WHAT THE EXERCISE ASKS – Give again exactly the lines that run from the start of the records to the line holding "floor ground (EU_floor_Construction): 42.18,43.04", both ends counted. Do not include the pictures.

SOURCE RECORDS –
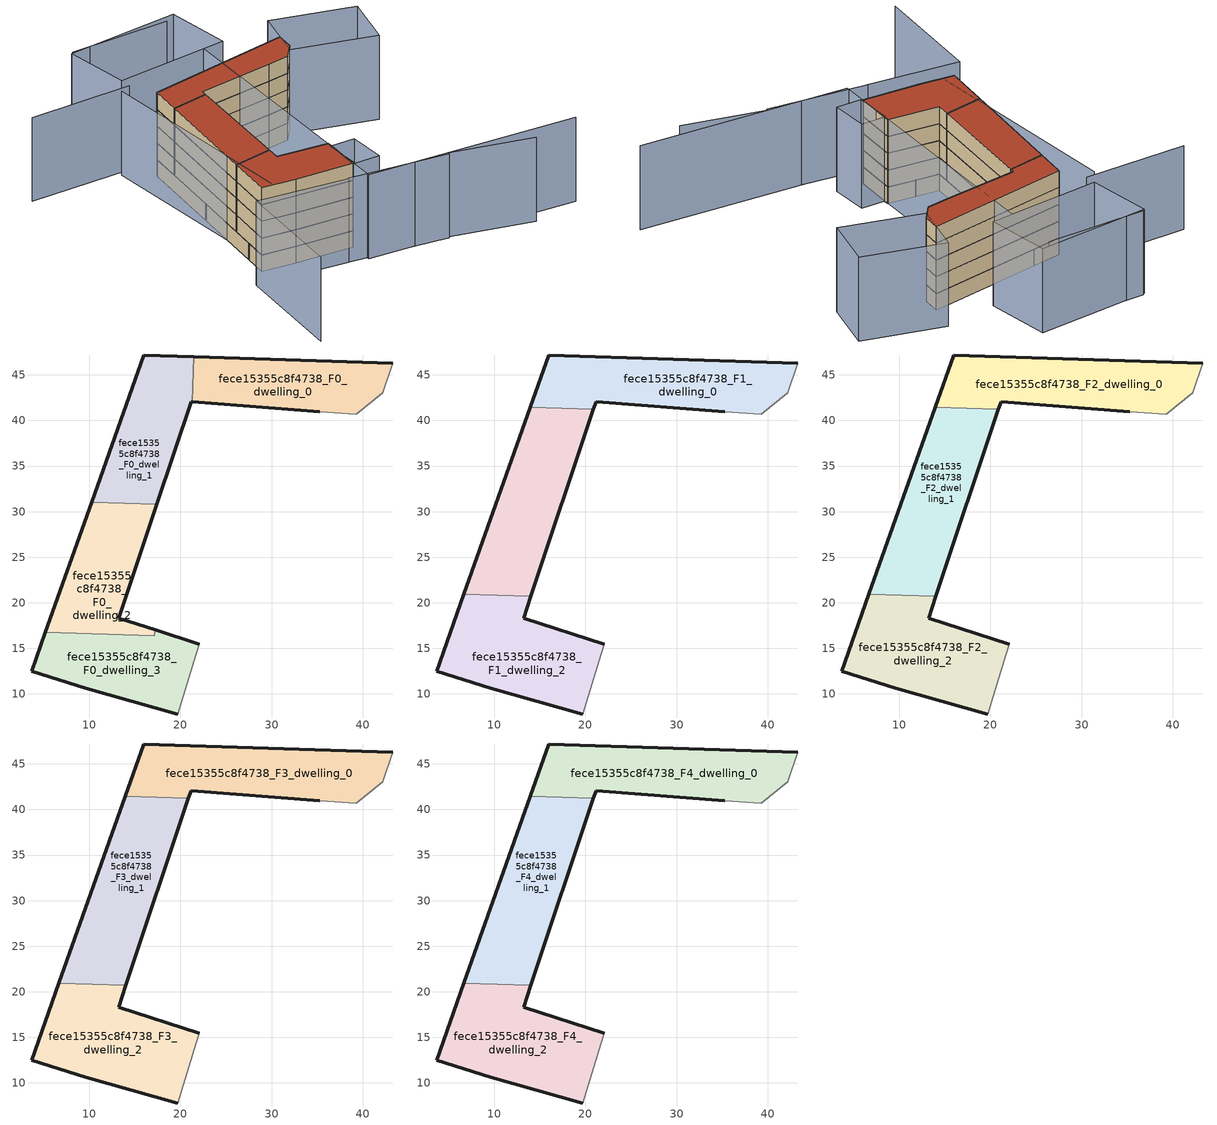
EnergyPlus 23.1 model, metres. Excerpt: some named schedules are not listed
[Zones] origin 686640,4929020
fece15355c8f4738_F0_dwelling_0
 floor ground (EU_floor_Construction): 42.18,43.04 43.3,46.27 21.45,46.99 21.3,42.05 35.25,40.92 39.29,40.69 z0
 wall outside (EU_wall_Construction): 35.25,40.92 21.3,42.05 / 21.45,46.99 43.3,46.27 z0:3
 wall adiabatic (EU_wall_Construction): 43.3,46.27 42.18,43.04 39.29,40.69 35.25,40.92 z0:3
 wall to fece15355c8f4738_F0_dwelling_1 (EU_wall_Construction): 21.3,42.05 21.45,46.99 z0:3
fece15355c8f4738_F0_dwelling_1
 floor ground (EU_floor_Construction): 17.39,30.8 21.15,42.07 21.3,42.05 21.45,46.99 15.97,47.17 10.24,31.03 z0
 wall outside (EU_wall_Construction): 10.24,31.03 15.97,47.17 21.45,46.99 / 21.3,42.05 21.15,42.07 17.39,30.8 z0:3
 wall to fece15355c8f4738_F0_dwelling_2 (EU_wall_Construction): 17.39,30.8 10.24,31.03 z0:3
fece15355c8f4738_F0_dwelling_2
 floor ground (EU_floor_Construction): 17.11,16.41 17.22,17.02 13.21,18.3 17.39,30.8 10.24,31.03 5.19,16.79 z0
 wall outside (EU_wall_Construction): 17.39,30.8 13.21,18.3 17.22,17.02 / 5.19,16.79 10.24,31.03 z0:3
 wall to fece15355c8f4738_F0_dwelling_3 (EU_wall_Construction): 17.22,17.02 17.11,16.41 5.19,16.79 z0:3
fece15355c8f4738_F0_dwelling_3
 floor ground (EU_floor_Construction): 19.71,7.8 21.74,14.43 22.06,15.46 17.22,17.02 17.11,16.41 5.19,16.79 3.66,12.5 9.59,10.62 z0
 wall outside (EU_wall_Construction): 17.22,17.02 22.06,15.46 / 19.71,7.8 9.59,10.62 3.66,12.5 5.19,16.79 z0:3
 wall adiabatic (EU_wall_Construction): 22.06,15.46 21.74,14.43 19.71,7.8 z0:3
fece15355c8f4738_F1_dwelling_0
 floor to fece15355c8f4738_F0_dwelling_0 (EU_floor_Construction): 42.18,43.04 43.3,46.27 21.45,46.99 21.3,42.05 35.25,40.92 39.29,40.69 z3
 floor to fece15355c8f4738_F0_dwelling_1 (EU_floor_Construction): 20.87,41.2 21.15,42.07 21.3,42.05 21.45,46.99 15.97,47.17 13.94,41.43 z3
 wall outside (EU_wall_Construction): 13.94,41.43 15.97,47.17 43.3,46.27 / 35.25,40.92 21.15,42.07 20.87,41.2 z3:6
 wall to fece15355c8f4738_F1_dwelling_1 (EU_wall_Construction): 20.87,41.2 13.94,41.43 z3:6
 wall adiabatic (EU_wall_Construction): 43.3,46.27 42.18,43.04 39.29,40.69 35.25,40.92 z3:6
fece15355c8f4738_F1_dwelling_1
 floor to fece15355c8f4738_F0_dwelling_2 (EU_floor_Construction): 14.02,20.71 17.39,30.8 10.25,31.03 6.66,20.94 z3
 floor to fece15355c8f4738_F0_dwelling_1 (EU_floor_Construction): 17.39,30.8 20.87,41.2 13.94,41.43 10.25,31.03 z3
 wall outside (EU_wall_Construction): 20.87,41.2 14.02,20.71 / 6.66,20.94 13.94,41.43 z3:6
 wall to fece15355c8f4738_F1_dwelling_2 (EU_wall_Construction): 14.02,20.71 6.66,20.94 z3:6
fece15355c8f4738_F1_dwelling_2
 floor to fece15355c8f4738_F0_dwelling_3 (EU_floor_Construction): 19.71,7.8 21.74,14.43 22.06,15.46 17.22,17.02 17.11,16.41 5.19,16.79 3.66,12.5 9.59,10.62 z3
 floor to fece15355c8f4738_F0_dwelling_2 (EU_floor_Construction): 17.11,16.43 17.22,17.02 13.21,18.3 14.02,20.71 6.66,20.94 5.19,16.79 17.11,16.41 z3
 wall outside (EU_wall_Construction): 19.71,7.8 9.59,10.62 3.66,12.5 6.66,20.94 / 14.02,20.71 13.21,18.3 22.06,15.46 z3:6
 wall adiabatic (EU_wall_Construction): 22.06,15.46 21.74,14.43 19.71,7.8 z3:6
fece15355c8f4738_F2_dwelling_0
 floor to fece15355c8f4738_F1_dwelling_0 (EU_floor_Construction): 42.18,43.04 43.3,46.27 15.97,47.17 13.94,41.43 20.87,41.2 21.15,42.07 35.25,40.92 39.29,40.69 z6
 wall outside (EU_wall_Construction): 13.94,41.43 15.97,47.17 43.3,46.27 / 35.25,40.92 21.15,42.07 20.87,41.2 z6:9
 wall to fece15355c8f4738_F2_dwelling_1 (EU_wall_Construction): 20.87,41.2 13.94,41.43 z6:9
 wall adiabatic (EU_wall_Construction): 43.3,46.27 42.18,43.04 39.29,40.69 35.25,40.92 z6:9
fece15355c8f4738_F2_dwelling_1
 floor to fece15355c8f4738_F1_dwelling_1 (EU_floor_Construction): 14.02,20.71 20.87,41.2 13.94,41.43 6.66,20.94 z6
 wall outside (EU_wall_Construction): 20.87,41.2 14.02,20.71 / 6.66,20.94 13.94,41.43 z6:9
 wall to fece15355c8f4738_F2_dwelling_2 (EU_wall_Construction): 14.02,20.71 6.66,20.94 z6:9
fece15355c8f4738_F2_dwelling_2
 floor to fece15355c8f4738_F1_dwelling_2 (EU_floor_Construction): 19.71,7.8 21.74,14.43 22.06,15.46 13.21,18.3 14.02,20.71 6.66,20.94 3.66,12.5 9.59,10.62 z6
 wall outside (EU_wall_Construction): 19.71,7.8 9.59,10.62 3.66,12.5 6.66,20.94 / 14.02,20.71 13.21,18.3 22.06,15.46 z6:9
 wall adiabatic (EU_wall_Construction): 22.06,15.46 21.74,14.43 19.71,7.8 z6:9
fece15355c8f4738_F3_dwelling_0
 floor to fece15355c8f4738_F2_dwelling_0 (EU_floor_Construction): 42.18,43.04 43.3,46.27 15.97,47.17 13.94,41.43 20.87,41.2 21.15,42.07 35.25,40.92 39.29,40.69 z9
 wall outside (EU_wall_Construction): 13.94,41.43 15.97,47.17 43.3,46.27 / 35.25,40.92 21.15,42.07 20.87,41.2 z9:12
 wall to fece15355c8f4738_F3_dwelling_1 (EU_wall_Construction): 20.87,41.2 13.94,41.43 z9:12
 wall adiabatic (EU_wall_Construction): 43.3,46.27 42.18,43.04 39.29,40.69 35.25,40.92 z9:12
fece15355c8f4738_F3_dwelling_1
 floor to fece15355c8f4738_F2_dwelling_1 (EU_floor_Construction): 14.02,20.71 20.87,41.2 13.94,41.43 6.66,20.94 z9
 wall outside (EU_wall_Construction): 20.87,41.2 14.02,20.71 / 6.66,20.94 13.94,41.43 z9:12
 wall to fece15355c8f4738_F3_dwelling_2 (EU_wall_Construction): 14.02,20.71 6.66,20.94 z9:12
fece15355c8f4738_F3_dwelling_2
 floor to fece15355c8f4738_F2_dwelling_2 (EU_floor_Construction): 19.71,7.8 21.74,14.43 22.06,15.46 13.21,18.3 14.02,20.71 6.66,20.94 3.66,12.5 9.59,10.62 z9
 wall outside (EU_wall_Construction): 19.71,7.8 9.59,10.62 3.66,12.5 6.66,20.94 / 14.02,20.71 13.21,18.3 22.06,15.46 z9:12
 wall adiabatic (EU_wall_Construction): 22.06,15.46 21.74,14.43 19.71,7.8 z9:12
fece15355c8f4738_F4_dwelling_0
 floor to fece15355c8f4738_F3_dwelling_0 (EU_floor_Construction): 42.18,43.04 43.3,46.27 15.97,47.17 13.94,41.43 20.87,41.2 21.15,42.07 35.25,40.92 39.29,40.69 z12
 wall outside (EU_wall_Construction): 13.94,41.43 15.97,47.17 43.3,46.27 / 35.25,40.92 21.15,42.07 20.87,41.2 z12:15
 wall to fece15355c8f4738_F4_dwelling_1 (EU_wall_Construction): 20.87,41.2 13.94,41.43 z12:15
 wall adiabatic (EU_wall_Construction): 43.3,46.27 42.18,43.04 39.29,40.69 35.25,40.92 z12:15
 roof outside (EU_roof_Construction): 43.3,46.27 42.18,43.04 39.29,40.69 35.25,40.92 21.15,42.07 20.87,41.2 13.94,41.43 15.97,47.17 z15
fece15355c8f4738_F4_dwelling_1
 floor to fece15355c8f4738_F3_dwelling_1 (EU_floor_Construction): 14.02,20.71 20.87,41.2 13.94,41.43 6.66,20.94 z12
 wall outside (EU_wall_Construction): 20.87,41.2 14.02,20.71 / 6.66,20.94 13.94,41.43 z12:15
 wall to fece15355c8f4738_F4_dwelling_2 (EU_wall_Construction): 14.02,20.71 6.66,20.94 z12:15
 roof outside (EU_roof_Construction): 20.87,41.2 14.02,20.71 6.66,20.94 13.94,41.43 z15
fece15355c8f4738_F4_dwelling_2
 floor to fece15355c8f4738_F3_dwelling_2 (EU_floor_Construction): 19.71,7.8 21.74,14.43 22.06,15.46 13.21,18.3 14.02,20.71 6.66,20.94 3.66,12.5 9.59,10.62 z12
 wall outside (EU_wall_Construction): 19.71,7.8 9.59,10.62 3.66,12.5 6.66,20.94 / 14.02,20.71 13.21,18.3 22.06,15.46 z12:15
 wall adiabatic (EU_wall_Construction): 22.06,15.46 21.74,14.43 19.71,7.8 z12:15
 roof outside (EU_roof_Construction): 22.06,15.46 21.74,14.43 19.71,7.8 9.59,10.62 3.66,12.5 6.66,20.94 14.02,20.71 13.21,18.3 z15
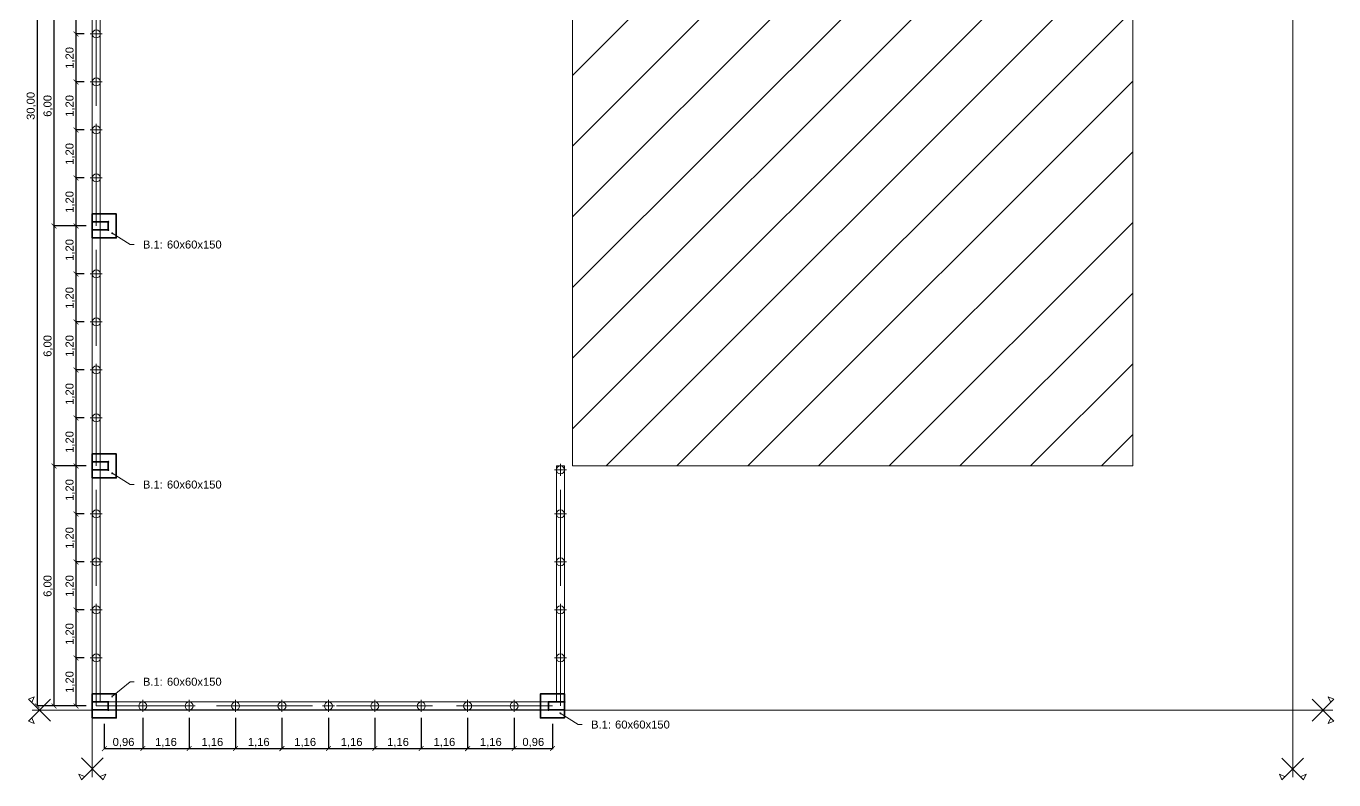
# Model space of a CAD drawing. Header units: millimetres. Extents: x 11 to 1331, y -149 to 22.
# Drawn here: x 663.71 to 696.39, y -15.54 to 3.31 of the extents above; entities that cross this region are included whole.
import ezdxf
from ezdxf import colors
from ezdxf.entities.mleader import LeaderData, LeaderLine
from ezdxf.math import Vec2, Vec3

# ---------------------------------------------------------------- set-up
doc = ezdxf.new("R2010")
doc.units = ezdxf.units.MM
doc.header["$LTSCALE"] = 0.1
doc.header["$MEASUREMENT"] = 0
doc.header["$PDMODE"] = 3
doc.header["$PDSIZE"] = 0.1
doc.linetypes.add('ACAD_ISO02W100', pattern=[15, 12, -3])
doc.layers.get('DEFPOINTS').update_dxf_attribs({"color": 1})
for name, color, linetype, lineweight in [('00_EST_Columna', 3, 'Continuous', 35), ('00_EST_Cotas', 6, 'Continuous', 9), ('00_EST_EJE VIGA ENCADENADO', 4, 'ACAD_ISO02W100', 9), ('00_EST_Ejes', 1, 'Continuous', 9), ('00_EST_FUNDACION', 2, 'Continuous', 35), ('00_EST_MAMPOSTERIA', 7, 'Continuous', 20), ('00_EST_PILOTINES', 2, 'Continuous', 20), ('00_EST_TEXTO', 6, 'Continuous', 9)]:
    doc.layers.add(name, color=color, linetype=linetype, lineweight=lineweight)
doc.layers.add('00_EST_EXISTENTE', color=8, linetype='Continuous', lineweight=20, transparency=0.5)
doc.styles.add('Arial20', font='arial.ttf', dxfattribs={"height": 0.2})
doc.dimstyles.new('Cota 1-100-Andres', dxfattribs={"dimtxt": 0.2, "dimasz": 0.12, "dimexe": 0.012, "dimexo": 0.15, "dimgap": 0.025, "dimtad": 1, "dimzin": 0, "dimtxsty": 'Arial20', "dimblk1": 'ARCHTICK', "dimblk2": 'ARCHTICK', "dimsah": 1, "dimcen": 0.09, "dimclrd": 256, "dimclre": 256, "dimclrt": 256, "dimazin": 0, "dimtfac": 1, "dimtofl": 0, "dimtmove": 0, "dimatfit": 3, "dimldrblk": 'ARCHTICK', "dimfxl": 1, "dimtolj": 1, "dimtzin": 0, "dimarcsym": 0})

# ---------------------------------------------------------------- blocks, each defined once
blk = doc.blocks.new('Columna')
at = {"layer": '00_EST_Columna'}
blk.add_lwpolyline([(665.363, -13.588), (665.763, -13.588), (665.763, -13.788), (665.363, -13.788)], close=True, dxfattribs=at)
for centre in [(665.363, -13.588), (665.763, -13.588), (665.363, -13.788), (665.763, -13.788)]:
    blk.add_circle(centre, 0.01, dxfattribs=at)
blk = doc.blocks.new('_DotSmall')
at = {"color": 0, "linetype": 'ByBlock', "const_width": 0.5}
blk.add_lwpolyline([(-0.0625, 0, 1), (0.0625, 0, 1)], format="xyb", close=True, dxfattribs=at)
blk = doc.blocks.new('_ARCHTICK')
at = {"color": 0, "linetype": 'ByBlock', "const_width": 0.15}
blk.add_lwpolyline([(-0.5, -0.5), (0.5, 0.5)], dxfattribs=at)
blk = doc.blocks.new('*D148')
at = {"layer": '00_EST_Cotas', "lineweight": -2, "transparency": 16777216}
for p, q in [((666.623, -13.988), (666.623, -14.764)), ((665.663, -14.138), (665.663, -14.764)), ((665.663, -14.752), (666.623, -14.752))]:
    blk.add_line(p, q, dxfattribs=at)
at = {"layer": 'DEFPOINTS', "color": 0, "transparency": 16777216}
for p in [(665.663, -13.988), (666.623, -13.838), (666.623, -14.752)]:
    blk.add_point(p, dxfattribs=at)
at = {"layer": '00_EST_Cotas', "lineweight": -2, "transparency": 16777216, "xscale": 0.12, "yscale": 0.12, "zscale": 0.12, "rotation": 180}
blk.add_blockref('_ARCHTICK', (665.663, -14.752), dxfattribs=at)
at = {"layer": '00_EST_Cotas', "lineweight": -2, "transparency": 16777216, "xscale": 0.12, "yscale": 0.12, "zscale": 0.12}
blk.add_blockref('_ARCHTICK', (666.623, -14.752), dxfattribs=at)
at = {"layer": '00_EST_Cotas', "transparency": 16777216, "insert": (666.143, -14.606), "char_height": 0.2, "attachment_point": 5, "style": 'Arial20'}
blk.add_mtext('\\A1;0,96', dxfattribs=at)
blk = doc.blocks.new('*D149')
at = {"layer": '00_EST_Cotas', "lineweight": -2, "transparency": 16777216}
for p, q in [((666.623, -13.988), (666.623, -14.764)), ((667.783, -13.988), (667.783, -14.764)), ((666.623, -14.752), (667.783, -14.752))]:
    blk.add_line(p, q, dxfattribs=at)
at = {"layer": 'DEFPOINTS', "color": 0, "transparency": 16777216}
for p in [(666.623, -13.838), (667.783, -13.838), (667.783, -14.752)]:
    blk.add_point(p, dxfattribs=at)
at = {"layer": '00_EST_Cotas', "lineweight": -2, "transparency": 16777216, "xscale": 0.12, "yscale": 0.12, "zscale": 0.12, "rotation": 180}
blk.add_blockref('_ARCHTICK', (666.623, -14.752), dxfattribs=at)
at = {"layer": '00_EST_Cotas', "lineweight": -2, "transparency": 16777216, "xscale": 0.12, "yscale": 0.12, "zscale": 0.12}
blk.add_blockref('_ARCHTICK', (667.783, -14.752), dxfattribs=at)
at = {"layer": '00_EST_Cotas', "transparency": 16777216, "insert": (667.203, -14.606), "char_height": 0.2, "attachment_point": 5, "style": 'Arial20'}
blk.add_mtext('\\A1;1,16', dxfattribs=at)
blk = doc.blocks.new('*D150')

EXPECTED ANSWER –
EnergyPlus 23.1 model, metres. Excerpt: some named schedules are not listed
[Zones] origin 686640,4929020
fece15355c8f4738_F0_dwelling_0
 floor ground (EU_floor_Construction): 42.18,43.04 43.3,46.27 21.45,46.99 21.3,42.05 35.25,40.92 39.29,40.69 z0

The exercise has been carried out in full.